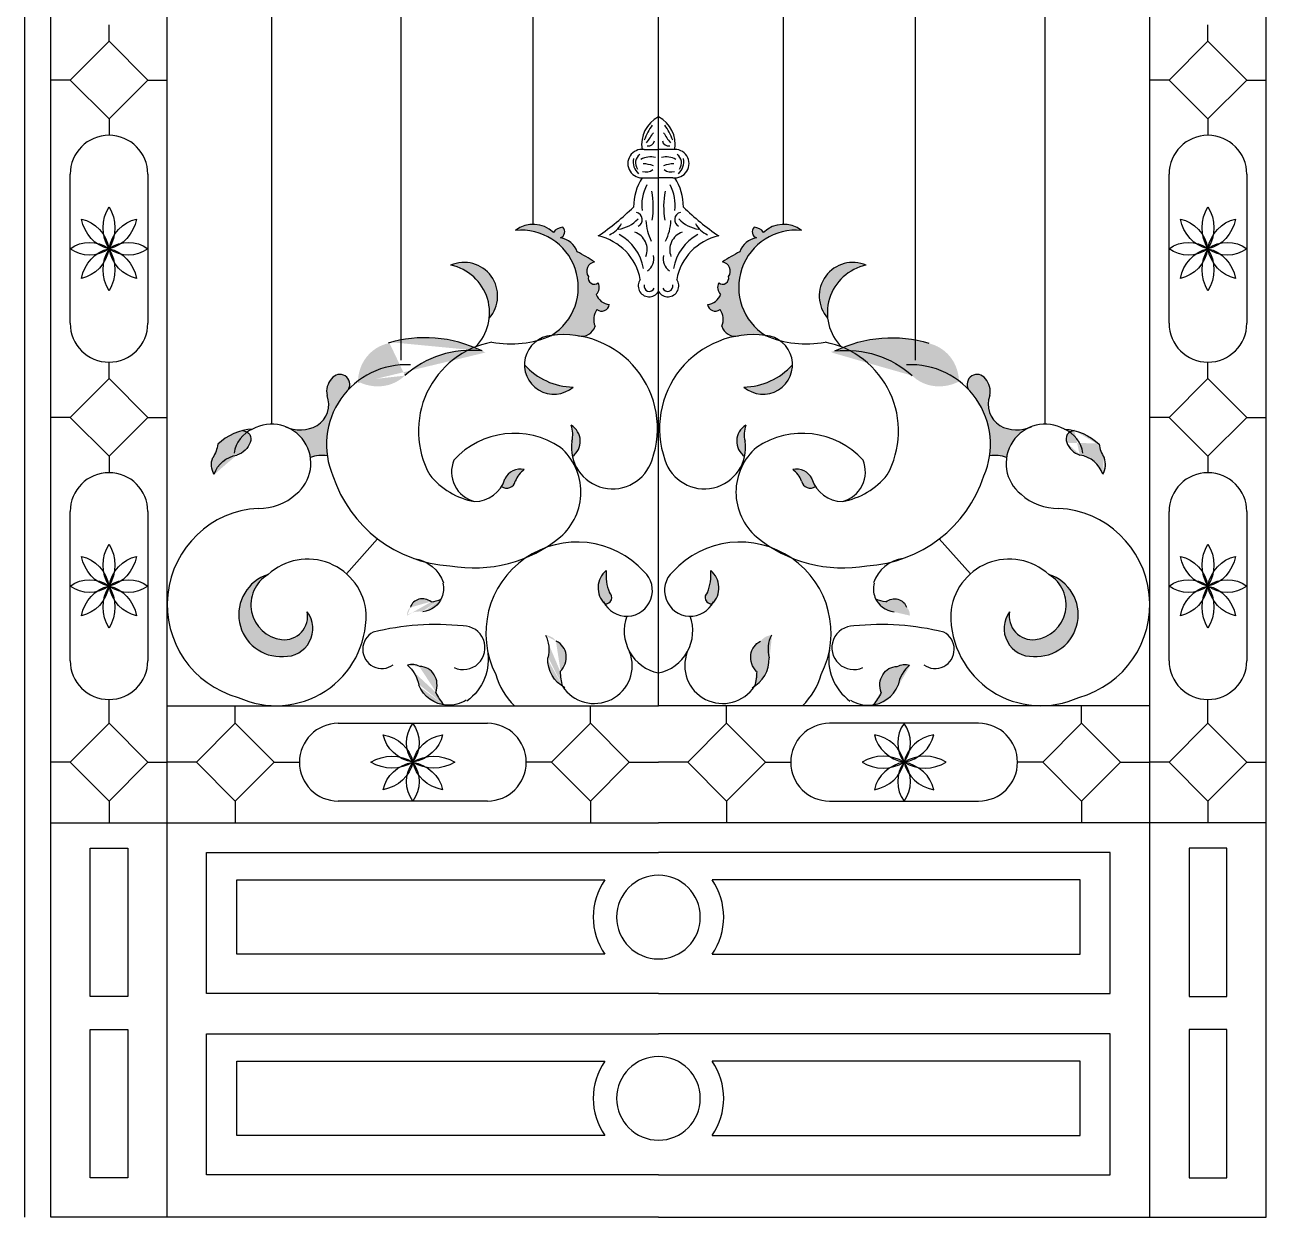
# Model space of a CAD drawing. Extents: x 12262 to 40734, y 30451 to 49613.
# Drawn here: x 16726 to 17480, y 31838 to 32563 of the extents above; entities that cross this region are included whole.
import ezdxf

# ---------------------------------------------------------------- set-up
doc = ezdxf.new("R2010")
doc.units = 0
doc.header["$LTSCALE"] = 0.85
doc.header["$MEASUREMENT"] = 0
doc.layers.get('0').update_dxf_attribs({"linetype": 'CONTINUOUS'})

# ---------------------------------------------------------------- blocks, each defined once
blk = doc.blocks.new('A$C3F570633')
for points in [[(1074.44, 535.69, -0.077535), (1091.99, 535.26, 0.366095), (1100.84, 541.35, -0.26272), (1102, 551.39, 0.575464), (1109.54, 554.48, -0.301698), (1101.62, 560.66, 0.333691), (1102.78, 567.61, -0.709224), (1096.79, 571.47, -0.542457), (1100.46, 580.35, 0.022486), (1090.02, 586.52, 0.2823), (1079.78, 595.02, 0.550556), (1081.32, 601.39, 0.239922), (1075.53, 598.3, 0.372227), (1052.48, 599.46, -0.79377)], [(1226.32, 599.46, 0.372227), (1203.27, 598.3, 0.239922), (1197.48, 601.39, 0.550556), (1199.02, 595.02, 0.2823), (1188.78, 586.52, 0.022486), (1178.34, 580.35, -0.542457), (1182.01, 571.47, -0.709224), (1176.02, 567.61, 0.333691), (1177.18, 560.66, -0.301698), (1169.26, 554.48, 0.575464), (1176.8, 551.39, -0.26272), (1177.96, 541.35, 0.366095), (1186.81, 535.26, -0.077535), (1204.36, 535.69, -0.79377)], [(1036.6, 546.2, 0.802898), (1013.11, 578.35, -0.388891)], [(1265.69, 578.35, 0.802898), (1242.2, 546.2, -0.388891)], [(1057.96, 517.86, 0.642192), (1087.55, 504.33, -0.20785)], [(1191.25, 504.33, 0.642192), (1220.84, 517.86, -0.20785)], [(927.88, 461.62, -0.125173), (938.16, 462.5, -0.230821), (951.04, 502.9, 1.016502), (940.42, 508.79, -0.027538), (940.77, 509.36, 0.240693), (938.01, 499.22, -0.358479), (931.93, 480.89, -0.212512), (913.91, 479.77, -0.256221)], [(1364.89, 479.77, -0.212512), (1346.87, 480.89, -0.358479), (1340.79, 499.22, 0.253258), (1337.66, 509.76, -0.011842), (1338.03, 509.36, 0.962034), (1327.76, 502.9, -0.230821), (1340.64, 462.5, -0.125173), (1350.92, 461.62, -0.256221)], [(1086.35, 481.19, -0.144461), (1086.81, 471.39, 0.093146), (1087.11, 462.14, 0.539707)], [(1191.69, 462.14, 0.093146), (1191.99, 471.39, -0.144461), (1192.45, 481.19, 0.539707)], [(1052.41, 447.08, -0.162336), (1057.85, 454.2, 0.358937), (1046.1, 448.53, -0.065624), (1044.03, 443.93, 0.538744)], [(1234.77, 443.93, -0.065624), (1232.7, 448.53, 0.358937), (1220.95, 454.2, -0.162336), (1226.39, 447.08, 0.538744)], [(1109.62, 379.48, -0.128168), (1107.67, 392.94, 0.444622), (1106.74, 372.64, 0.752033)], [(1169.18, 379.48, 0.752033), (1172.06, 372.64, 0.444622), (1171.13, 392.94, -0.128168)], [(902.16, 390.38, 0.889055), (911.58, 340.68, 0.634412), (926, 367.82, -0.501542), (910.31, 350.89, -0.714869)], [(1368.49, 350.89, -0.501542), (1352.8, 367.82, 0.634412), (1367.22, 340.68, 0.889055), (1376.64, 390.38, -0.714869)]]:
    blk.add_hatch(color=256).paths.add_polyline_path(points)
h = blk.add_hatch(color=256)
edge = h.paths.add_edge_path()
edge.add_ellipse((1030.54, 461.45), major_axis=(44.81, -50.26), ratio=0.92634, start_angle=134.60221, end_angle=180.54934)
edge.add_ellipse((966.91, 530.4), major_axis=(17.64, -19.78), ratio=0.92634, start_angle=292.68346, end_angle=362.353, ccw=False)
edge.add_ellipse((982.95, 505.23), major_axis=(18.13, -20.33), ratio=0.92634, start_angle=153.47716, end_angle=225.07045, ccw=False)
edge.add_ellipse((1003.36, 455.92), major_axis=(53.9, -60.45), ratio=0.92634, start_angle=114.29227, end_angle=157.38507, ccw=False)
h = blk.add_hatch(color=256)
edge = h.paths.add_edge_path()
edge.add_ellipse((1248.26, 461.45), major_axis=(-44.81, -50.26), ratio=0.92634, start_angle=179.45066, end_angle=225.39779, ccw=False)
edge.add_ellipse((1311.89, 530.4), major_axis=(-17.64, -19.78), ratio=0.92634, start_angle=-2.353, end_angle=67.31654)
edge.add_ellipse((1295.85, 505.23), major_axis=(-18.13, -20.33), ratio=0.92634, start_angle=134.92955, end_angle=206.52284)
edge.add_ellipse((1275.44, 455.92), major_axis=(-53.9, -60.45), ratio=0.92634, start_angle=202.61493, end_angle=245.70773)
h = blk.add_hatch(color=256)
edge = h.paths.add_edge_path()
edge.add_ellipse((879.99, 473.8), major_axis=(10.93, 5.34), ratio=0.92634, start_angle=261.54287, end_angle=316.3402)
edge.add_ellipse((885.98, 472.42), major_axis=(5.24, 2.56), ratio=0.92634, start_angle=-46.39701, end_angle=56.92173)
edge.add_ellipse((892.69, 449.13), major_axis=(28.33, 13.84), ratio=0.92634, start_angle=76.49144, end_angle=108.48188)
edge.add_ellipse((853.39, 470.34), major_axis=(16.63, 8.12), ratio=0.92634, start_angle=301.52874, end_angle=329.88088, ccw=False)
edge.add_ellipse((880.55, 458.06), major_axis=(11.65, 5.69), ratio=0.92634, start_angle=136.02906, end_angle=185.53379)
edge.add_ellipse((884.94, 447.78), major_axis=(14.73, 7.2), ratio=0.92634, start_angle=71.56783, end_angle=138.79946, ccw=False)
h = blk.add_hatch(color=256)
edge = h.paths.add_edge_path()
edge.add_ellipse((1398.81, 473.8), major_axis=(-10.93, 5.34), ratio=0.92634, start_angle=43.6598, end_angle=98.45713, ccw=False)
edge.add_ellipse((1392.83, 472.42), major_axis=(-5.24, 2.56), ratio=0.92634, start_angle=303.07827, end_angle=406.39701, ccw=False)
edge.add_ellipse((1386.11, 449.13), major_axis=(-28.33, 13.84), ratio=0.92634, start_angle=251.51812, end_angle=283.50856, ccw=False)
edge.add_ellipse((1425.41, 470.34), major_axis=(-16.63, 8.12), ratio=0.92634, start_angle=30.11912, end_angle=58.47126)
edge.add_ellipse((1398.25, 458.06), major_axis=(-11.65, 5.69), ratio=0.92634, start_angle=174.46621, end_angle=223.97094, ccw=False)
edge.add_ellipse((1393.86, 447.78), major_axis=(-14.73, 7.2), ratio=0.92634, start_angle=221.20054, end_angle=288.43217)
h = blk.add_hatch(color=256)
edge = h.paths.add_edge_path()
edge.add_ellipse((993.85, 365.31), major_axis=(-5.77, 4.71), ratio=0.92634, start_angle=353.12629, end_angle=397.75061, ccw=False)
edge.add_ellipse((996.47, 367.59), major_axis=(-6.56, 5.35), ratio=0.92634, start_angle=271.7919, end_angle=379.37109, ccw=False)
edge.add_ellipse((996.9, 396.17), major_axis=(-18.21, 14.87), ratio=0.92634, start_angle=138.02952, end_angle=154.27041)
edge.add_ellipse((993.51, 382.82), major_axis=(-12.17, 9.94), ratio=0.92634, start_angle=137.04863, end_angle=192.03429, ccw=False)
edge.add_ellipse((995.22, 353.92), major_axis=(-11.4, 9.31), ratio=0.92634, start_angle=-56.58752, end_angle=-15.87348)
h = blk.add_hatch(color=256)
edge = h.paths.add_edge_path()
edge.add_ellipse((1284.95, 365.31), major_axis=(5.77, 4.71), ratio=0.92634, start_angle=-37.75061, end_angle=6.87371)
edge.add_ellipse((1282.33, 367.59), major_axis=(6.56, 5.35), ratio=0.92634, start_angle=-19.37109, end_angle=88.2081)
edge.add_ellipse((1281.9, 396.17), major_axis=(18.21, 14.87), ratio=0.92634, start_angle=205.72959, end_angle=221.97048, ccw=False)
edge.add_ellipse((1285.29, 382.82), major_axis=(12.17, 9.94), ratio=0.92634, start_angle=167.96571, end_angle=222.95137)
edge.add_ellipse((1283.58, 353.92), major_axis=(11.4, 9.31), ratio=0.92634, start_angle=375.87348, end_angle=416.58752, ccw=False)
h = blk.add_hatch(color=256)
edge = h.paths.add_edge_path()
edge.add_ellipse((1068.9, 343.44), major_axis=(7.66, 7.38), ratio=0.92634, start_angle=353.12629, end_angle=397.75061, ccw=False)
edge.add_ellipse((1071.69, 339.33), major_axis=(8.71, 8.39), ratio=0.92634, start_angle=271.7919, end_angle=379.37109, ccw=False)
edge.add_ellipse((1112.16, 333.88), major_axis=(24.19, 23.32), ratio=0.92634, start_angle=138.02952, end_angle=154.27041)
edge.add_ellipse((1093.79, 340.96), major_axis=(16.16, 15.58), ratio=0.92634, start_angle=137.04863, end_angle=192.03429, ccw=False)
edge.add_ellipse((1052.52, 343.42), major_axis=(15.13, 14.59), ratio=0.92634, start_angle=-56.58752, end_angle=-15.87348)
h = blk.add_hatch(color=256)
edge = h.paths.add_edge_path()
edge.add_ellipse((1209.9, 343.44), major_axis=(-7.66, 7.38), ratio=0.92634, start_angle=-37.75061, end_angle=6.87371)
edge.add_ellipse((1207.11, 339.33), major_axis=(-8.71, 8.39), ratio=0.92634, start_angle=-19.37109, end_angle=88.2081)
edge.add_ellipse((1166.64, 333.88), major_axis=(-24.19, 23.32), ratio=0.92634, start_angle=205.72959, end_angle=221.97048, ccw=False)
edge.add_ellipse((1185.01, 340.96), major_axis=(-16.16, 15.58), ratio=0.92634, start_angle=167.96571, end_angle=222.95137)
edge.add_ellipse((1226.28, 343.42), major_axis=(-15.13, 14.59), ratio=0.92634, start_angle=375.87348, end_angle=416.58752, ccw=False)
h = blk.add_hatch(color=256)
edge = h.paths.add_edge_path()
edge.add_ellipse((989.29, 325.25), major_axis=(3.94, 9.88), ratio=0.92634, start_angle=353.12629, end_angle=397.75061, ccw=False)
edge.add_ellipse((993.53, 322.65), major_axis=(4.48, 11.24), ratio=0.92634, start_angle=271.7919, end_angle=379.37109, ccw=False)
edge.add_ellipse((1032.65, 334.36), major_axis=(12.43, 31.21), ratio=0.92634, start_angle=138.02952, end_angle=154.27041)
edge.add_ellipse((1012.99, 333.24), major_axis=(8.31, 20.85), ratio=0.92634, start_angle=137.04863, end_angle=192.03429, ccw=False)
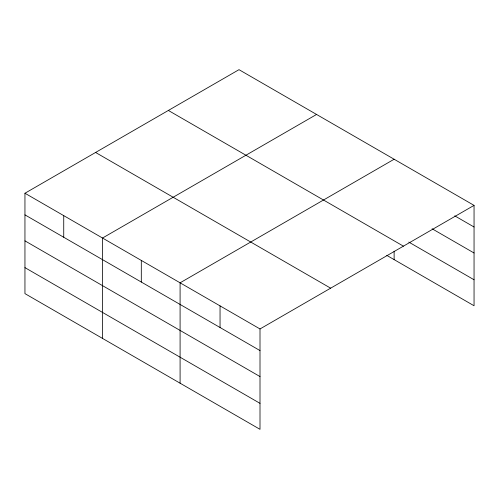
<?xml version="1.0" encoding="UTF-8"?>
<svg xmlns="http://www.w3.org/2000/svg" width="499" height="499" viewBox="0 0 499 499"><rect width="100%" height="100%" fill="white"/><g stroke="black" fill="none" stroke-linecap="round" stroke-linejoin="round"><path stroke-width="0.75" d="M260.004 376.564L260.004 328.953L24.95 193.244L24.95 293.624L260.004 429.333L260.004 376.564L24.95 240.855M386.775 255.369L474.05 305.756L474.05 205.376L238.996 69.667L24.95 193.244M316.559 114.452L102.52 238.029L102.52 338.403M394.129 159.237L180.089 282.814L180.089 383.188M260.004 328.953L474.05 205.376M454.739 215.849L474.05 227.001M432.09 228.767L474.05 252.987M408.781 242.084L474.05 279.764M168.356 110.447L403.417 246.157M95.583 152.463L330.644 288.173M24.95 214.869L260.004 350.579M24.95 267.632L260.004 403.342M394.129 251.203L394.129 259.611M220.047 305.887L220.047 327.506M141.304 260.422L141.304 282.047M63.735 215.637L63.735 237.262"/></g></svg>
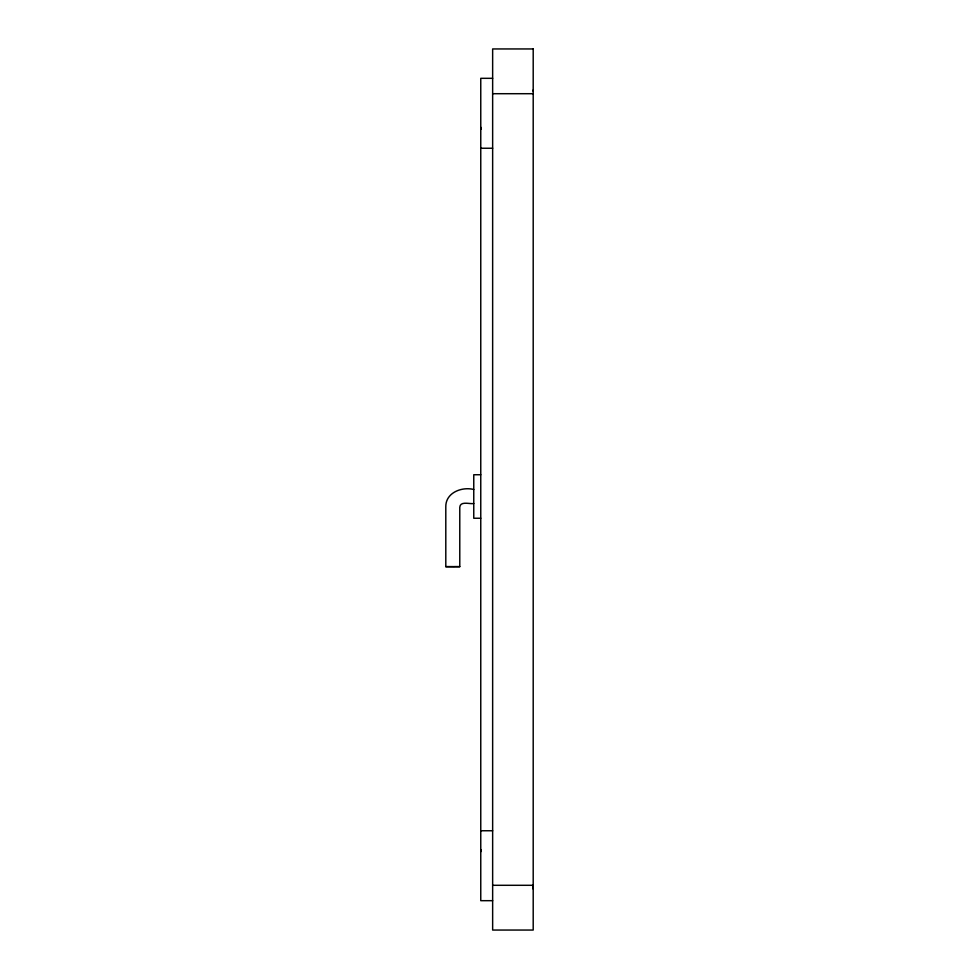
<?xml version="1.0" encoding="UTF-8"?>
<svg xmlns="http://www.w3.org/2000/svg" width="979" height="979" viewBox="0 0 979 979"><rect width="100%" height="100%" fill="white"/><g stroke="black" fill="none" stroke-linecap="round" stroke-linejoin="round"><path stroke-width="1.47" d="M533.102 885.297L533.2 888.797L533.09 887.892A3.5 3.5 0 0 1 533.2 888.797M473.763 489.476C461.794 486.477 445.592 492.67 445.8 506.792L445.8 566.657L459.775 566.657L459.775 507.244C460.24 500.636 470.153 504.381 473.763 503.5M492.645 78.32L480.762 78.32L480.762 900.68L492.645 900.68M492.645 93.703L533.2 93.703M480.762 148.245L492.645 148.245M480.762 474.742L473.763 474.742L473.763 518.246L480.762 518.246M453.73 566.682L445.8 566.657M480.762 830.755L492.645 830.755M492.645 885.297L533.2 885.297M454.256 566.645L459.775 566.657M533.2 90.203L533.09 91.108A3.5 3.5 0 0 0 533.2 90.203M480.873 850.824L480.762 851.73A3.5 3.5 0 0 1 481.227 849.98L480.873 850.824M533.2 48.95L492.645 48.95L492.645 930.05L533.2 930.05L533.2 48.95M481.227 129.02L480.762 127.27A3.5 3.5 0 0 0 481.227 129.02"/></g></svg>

####

* **What you will do**
Of the lines above, copy each one that contains the word "blocks".

* **Your response**
# ---------------------------------------------------------------- blocks, each defined once
blk = doc.blocks.new('A$C3F570633')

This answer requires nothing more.